## ASSIGNMENT
After repeating the line containing "constraint midpoint L150 L155.end", stop; until then, repeat each line of the listing below exactly, starting with the first.

****************************************

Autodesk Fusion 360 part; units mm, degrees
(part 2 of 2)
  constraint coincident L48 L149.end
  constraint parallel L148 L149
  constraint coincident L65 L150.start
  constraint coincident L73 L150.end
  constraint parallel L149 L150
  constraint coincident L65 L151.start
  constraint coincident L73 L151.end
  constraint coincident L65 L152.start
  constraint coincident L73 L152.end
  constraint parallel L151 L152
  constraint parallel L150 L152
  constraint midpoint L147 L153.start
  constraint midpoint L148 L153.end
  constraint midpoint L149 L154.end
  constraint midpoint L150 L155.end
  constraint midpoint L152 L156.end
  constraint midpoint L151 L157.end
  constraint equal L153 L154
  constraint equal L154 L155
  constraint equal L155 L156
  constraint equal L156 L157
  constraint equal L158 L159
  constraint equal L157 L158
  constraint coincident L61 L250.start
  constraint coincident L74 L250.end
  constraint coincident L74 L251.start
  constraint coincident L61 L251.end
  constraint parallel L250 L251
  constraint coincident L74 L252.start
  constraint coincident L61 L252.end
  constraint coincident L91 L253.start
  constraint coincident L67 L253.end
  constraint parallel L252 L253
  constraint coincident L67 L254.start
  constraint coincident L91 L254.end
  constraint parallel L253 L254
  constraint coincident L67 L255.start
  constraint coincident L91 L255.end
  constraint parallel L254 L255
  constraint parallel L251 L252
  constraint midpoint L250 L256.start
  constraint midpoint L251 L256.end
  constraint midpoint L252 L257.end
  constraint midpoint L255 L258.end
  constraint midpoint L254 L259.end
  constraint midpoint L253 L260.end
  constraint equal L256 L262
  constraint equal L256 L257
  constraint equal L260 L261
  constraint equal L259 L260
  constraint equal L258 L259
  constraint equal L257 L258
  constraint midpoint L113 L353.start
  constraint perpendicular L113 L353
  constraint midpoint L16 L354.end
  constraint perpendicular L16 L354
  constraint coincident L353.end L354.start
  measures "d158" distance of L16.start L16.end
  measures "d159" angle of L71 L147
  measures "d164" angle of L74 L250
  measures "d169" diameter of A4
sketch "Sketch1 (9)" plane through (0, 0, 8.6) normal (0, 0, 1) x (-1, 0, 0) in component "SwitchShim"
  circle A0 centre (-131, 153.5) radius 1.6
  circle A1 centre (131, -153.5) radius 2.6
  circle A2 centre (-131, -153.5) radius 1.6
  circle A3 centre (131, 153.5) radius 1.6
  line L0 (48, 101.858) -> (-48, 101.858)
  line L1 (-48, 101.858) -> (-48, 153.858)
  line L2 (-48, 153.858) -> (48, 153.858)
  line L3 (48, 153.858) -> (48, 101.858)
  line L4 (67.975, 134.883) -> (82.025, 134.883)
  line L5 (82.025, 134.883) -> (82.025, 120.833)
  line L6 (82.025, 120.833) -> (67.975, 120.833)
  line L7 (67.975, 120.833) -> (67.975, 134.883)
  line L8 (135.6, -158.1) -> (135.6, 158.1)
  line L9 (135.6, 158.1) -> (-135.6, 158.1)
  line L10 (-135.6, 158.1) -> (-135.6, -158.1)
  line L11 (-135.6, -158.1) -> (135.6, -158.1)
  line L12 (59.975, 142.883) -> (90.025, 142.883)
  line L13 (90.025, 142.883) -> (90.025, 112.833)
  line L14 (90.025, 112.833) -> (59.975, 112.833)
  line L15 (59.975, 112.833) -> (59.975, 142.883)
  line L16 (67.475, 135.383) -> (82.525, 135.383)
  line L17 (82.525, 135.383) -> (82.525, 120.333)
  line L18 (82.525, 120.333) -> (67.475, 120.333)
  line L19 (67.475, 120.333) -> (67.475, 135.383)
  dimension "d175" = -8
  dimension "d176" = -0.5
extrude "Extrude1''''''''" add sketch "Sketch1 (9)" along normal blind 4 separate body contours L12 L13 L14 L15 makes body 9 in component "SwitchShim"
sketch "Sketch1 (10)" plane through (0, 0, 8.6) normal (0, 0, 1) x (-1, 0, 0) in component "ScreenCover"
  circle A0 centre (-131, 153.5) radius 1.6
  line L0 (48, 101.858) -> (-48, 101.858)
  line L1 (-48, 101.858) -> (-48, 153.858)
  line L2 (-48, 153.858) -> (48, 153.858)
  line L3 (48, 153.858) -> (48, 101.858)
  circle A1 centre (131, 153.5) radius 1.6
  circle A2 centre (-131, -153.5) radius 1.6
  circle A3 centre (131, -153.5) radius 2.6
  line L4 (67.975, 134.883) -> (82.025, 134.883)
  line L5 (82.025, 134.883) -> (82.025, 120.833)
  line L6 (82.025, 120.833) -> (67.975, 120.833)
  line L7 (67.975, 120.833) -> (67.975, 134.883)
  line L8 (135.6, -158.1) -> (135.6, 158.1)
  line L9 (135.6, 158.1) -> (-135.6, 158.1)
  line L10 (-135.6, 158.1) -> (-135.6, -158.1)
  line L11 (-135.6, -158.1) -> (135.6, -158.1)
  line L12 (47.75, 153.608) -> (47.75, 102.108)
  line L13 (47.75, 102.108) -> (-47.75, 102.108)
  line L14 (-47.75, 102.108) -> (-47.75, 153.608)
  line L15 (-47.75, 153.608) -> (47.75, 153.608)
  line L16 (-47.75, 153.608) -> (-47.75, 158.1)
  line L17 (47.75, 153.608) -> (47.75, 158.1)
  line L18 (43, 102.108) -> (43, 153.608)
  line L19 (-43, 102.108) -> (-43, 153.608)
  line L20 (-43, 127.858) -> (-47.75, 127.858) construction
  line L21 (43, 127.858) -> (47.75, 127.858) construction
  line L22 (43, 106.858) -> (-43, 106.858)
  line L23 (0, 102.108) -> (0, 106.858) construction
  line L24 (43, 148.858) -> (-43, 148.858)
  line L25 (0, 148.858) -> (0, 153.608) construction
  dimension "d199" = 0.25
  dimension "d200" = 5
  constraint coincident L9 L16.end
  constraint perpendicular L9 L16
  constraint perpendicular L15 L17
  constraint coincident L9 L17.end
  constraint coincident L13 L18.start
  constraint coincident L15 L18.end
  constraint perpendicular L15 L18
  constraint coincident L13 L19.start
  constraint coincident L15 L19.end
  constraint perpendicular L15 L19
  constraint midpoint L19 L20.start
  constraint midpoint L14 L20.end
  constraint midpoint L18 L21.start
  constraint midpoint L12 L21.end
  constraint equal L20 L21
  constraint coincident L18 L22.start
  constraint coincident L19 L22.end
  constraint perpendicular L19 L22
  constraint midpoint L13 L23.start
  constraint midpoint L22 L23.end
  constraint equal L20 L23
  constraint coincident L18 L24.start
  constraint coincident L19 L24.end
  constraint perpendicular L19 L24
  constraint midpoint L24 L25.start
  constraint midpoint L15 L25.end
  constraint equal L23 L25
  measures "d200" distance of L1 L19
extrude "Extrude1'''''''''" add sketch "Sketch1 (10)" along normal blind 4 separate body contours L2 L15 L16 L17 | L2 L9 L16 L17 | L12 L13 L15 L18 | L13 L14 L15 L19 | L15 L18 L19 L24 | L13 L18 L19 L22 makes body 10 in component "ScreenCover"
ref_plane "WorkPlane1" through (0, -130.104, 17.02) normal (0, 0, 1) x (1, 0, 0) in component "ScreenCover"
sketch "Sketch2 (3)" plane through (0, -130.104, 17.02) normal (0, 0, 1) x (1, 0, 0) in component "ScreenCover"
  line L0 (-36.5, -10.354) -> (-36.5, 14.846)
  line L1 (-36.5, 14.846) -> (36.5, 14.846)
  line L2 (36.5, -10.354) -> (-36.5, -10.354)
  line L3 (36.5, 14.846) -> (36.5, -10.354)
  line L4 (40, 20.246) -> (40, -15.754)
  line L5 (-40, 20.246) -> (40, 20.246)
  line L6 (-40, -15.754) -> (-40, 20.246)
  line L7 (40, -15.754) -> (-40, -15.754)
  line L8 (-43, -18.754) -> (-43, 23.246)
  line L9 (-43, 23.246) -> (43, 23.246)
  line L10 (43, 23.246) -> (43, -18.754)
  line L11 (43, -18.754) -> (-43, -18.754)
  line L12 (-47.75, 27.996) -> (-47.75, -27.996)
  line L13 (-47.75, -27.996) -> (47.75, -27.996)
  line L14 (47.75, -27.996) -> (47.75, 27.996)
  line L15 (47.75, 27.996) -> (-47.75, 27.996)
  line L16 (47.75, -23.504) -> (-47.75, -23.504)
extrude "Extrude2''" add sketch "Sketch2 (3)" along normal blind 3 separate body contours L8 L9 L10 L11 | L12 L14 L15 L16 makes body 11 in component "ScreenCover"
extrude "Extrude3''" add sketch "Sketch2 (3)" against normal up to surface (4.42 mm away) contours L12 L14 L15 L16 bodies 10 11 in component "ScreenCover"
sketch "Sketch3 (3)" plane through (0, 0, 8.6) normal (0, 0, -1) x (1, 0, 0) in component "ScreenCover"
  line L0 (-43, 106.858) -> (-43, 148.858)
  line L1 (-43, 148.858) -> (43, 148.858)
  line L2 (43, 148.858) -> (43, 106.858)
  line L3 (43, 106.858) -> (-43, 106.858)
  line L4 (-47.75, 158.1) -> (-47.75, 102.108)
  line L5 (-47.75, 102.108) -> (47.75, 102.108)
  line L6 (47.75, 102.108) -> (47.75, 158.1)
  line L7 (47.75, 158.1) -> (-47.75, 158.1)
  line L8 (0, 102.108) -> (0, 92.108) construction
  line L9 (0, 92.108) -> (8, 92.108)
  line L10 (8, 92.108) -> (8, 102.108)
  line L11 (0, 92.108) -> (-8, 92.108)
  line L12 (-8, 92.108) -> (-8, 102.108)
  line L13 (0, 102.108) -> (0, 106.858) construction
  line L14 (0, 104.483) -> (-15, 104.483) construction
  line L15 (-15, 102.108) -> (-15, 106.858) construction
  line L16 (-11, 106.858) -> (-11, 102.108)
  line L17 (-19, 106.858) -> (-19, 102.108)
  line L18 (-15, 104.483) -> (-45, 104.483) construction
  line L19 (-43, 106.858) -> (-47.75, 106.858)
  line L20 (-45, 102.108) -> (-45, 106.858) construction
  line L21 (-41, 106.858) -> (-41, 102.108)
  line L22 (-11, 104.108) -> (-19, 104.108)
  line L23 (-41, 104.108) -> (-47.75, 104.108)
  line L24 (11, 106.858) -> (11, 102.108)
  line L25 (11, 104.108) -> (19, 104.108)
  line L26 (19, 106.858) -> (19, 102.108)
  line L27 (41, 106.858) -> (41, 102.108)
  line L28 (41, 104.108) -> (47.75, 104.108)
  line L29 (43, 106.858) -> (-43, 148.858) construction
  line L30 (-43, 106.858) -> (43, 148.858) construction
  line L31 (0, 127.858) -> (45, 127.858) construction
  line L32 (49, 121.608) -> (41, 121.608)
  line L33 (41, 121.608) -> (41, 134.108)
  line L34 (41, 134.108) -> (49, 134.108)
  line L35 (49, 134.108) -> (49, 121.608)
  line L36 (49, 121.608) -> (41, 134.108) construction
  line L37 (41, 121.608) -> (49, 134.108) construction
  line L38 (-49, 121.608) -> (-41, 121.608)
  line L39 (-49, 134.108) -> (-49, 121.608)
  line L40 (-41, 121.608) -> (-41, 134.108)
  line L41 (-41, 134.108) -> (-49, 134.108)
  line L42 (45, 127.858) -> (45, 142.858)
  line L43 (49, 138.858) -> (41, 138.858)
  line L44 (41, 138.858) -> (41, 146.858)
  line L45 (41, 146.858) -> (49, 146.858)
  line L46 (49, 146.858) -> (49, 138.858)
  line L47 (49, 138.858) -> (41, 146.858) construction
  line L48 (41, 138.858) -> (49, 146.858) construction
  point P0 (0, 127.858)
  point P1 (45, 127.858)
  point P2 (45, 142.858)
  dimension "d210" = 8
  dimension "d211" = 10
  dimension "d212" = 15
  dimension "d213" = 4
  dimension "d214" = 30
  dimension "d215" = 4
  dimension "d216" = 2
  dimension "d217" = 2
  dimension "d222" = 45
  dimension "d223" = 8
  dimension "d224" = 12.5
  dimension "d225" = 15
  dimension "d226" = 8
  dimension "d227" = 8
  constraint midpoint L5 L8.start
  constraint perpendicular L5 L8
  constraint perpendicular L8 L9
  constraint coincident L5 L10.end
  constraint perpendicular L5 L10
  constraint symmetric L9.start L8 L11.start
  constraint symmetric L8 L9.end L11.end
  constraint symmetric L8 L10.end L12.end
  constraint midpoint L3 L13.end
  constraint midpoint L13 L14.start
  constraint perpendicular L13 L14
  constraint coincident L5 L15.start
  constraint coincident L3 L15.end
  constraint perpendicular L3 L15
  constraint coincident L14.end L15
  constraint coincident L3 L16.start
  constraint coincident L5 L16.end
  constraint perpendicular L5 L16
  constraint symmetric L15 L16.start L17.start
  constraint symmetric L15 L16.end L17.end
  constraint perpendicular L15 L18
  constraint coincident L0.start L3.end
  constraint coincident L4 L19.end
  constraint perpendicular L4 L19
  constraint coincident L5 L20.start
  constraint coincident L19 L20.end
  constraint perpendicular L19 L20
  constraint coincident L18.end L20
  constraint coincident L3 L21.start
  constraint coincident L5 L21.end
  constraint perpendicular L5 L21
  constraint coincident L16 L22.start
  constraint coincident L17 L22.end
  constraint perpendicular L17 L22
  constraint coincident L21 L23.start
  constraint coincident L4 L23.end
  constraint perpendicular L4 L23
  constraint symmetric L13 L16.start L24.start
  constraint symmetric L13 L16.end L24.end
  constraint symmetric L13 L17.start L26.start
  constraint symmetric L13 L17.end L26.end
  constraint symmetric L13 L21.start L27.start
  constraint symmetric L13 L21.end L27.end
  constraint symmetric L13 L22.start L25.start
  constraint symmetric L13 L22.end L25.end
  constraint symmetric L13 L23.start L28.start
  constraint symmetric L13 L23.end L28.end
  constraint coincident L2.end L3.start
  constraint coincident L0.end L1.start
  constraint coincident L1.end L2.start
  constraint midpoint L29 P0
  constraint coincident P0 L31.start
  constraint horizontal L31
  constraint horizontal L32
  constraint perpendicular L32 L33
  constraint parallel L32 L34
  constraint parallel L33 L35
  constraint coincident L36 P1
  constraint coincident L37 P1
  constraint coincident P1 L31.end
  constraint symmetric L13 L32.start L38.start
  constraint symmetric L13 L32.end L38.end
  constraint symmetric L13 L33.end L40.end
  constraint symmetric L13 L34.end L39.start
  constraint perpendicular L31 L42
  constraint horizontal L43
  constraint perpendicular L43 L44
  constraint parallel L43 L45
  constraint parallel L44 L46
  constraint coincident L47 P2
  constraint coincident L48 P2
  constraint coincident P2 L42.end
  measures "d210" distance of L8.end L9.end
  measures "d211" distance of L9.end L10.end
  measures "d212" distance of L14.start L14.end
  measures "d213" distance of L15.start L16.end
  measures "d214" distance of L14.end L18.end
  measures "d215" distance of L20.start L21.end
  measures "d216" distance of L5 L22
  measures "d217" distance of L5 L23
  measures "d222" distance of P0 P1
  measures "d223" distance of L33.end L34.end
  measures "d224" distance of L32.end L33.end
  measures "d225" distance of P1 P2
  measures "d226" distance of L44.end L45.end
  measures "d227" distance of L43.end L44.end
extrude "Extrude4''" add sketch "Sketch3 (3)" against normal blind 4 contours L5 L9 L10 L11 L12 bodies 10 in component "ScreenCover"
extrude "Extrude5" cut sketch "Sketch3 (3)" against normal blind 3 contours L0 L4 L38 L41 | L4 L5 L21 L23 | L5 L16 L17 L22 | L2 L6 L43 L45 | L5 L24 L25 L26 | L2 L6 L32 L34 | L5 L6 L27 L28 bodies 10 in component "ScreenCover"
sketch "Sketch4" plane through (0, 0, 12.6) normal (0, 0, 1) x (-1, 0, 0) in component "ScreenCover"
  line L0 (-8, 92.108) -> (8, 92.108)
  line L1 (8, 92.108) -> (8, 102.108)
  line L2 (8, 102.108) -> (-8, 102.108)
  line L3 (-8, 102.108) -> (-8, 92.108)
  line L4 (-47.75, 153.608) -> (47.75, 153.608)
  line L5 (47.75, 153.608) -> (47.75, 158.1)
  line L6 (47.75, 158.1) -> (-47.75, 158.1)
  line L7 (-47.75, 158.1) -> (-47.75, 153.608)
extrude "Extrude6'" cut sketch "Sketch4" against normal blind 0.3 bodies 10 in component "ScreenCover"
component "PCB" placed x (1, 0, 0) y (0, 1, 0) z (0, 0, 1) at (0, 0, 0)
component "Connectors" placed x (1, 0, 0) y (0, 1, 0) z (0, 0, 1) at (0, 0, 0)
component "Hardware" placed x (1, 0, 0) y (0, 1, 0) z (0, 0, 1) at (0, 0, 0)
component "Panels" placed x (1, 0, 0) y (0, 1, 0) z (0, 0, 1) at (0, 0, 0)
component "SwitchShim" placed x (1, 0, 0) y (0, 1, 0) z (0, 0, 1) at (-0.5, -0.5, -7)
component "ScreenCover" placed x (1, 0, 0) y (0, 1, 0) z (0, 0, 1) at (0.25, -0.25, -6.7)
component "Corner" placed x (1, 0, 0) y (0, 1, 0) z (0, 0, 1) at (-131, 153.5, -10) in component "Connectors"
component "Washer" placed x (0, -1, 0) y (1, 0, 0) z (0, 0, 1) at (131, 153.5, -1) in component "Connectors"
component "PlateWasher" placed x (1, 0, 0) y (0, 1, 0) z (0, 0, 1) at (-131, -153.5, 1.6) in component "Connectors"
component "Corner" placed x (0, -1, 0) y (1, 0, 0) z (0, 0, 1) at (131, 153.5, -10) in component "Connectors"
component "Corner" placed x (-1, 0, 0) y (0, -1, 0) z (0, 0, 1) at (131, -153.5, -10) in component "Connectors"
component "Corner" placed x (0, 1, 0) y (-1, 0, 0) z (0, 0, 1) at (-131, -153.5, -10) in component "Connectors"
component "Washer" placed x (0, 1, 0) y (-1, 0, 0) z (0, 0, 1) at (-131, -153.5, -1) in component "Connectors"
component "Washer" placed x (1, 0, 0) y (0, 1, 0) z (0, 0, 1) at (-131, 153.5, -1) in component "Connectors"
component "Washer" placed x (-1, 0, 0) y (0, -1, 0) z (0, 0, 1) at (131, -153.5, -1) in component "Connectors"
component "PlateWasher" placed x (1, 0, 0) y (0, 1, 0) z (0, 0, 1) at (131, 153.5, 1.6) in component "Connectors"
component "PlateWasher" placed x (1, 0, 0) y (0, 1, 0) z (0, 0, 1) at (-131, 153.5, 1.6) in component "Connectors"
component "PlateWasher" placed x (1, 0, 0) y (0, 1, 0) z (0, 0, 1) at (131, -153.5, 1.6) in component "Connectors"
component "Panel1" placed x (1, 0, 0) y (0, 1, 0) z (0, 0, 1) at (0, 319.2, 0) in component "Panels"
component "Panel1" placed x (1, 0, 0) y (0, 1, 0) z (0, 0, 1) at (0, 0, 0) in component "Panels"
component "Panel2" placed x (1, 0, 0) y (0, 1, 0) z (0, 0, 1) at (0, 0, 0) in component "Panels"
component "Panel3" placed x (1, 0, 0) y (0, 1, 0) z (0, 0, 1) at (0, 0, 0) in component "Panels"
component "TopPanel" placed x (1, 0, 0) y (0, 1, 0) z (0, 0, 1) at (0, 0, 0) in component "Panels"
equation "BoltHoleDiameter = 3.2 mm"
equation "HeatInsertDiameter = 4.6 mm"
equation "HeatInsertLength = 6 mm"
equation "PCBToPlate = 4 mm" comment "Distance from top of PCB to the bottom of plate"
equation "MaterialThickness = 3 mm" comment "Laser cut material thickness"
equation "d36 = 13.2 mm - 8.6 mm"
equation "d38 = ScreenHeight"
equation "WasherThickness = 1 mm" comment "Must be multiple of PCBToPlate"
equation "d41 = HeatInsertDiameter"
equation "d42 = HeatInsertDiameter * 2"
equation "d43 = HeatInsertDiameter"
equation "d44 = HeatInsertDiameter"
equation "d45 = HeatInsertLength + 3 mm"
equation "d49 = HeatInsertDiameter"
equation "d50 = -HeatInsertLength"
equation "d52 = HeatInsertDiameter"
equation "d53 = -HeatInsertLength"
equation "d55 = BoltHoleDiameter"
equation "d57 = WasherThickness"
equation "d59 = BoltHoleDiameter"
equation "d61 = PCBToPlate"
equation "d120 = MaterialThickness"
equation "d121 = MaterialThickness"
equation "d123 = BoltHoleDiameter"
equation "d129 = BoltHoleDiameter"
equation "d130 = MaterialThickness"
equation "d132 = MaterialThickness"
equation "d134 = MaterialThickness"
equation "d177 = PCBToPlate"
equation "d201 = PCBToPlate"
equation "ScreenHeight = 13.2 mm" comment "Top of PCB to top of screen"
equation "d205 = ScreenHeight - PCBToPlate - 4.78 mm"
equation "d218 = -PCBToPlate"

****************************************

## RESPONSE
Autodesk Fusion 360 part; units mm, degrees
(part 2 of 2)
  constraint coincident L48 L149.end
  constraint parallel L148 L149
  constraint coincident L65 L150.start
  constraint coincident L73 L150.end
  constraint parallel L149 L150
  constraint coincident L65 L151.start
  constraint coincident L73 L151.end
  constraint coincident L65 L152.start
  constraint coincident L73 L152.end
  constraint parallel L151 L152
  constraint parallel L150 L152
  constraint midpoint L147 L153.start
  constraint midpoint L148 L153.end
  constraint midpoint L149 L154.end
  constraint midpoint L150 L155.end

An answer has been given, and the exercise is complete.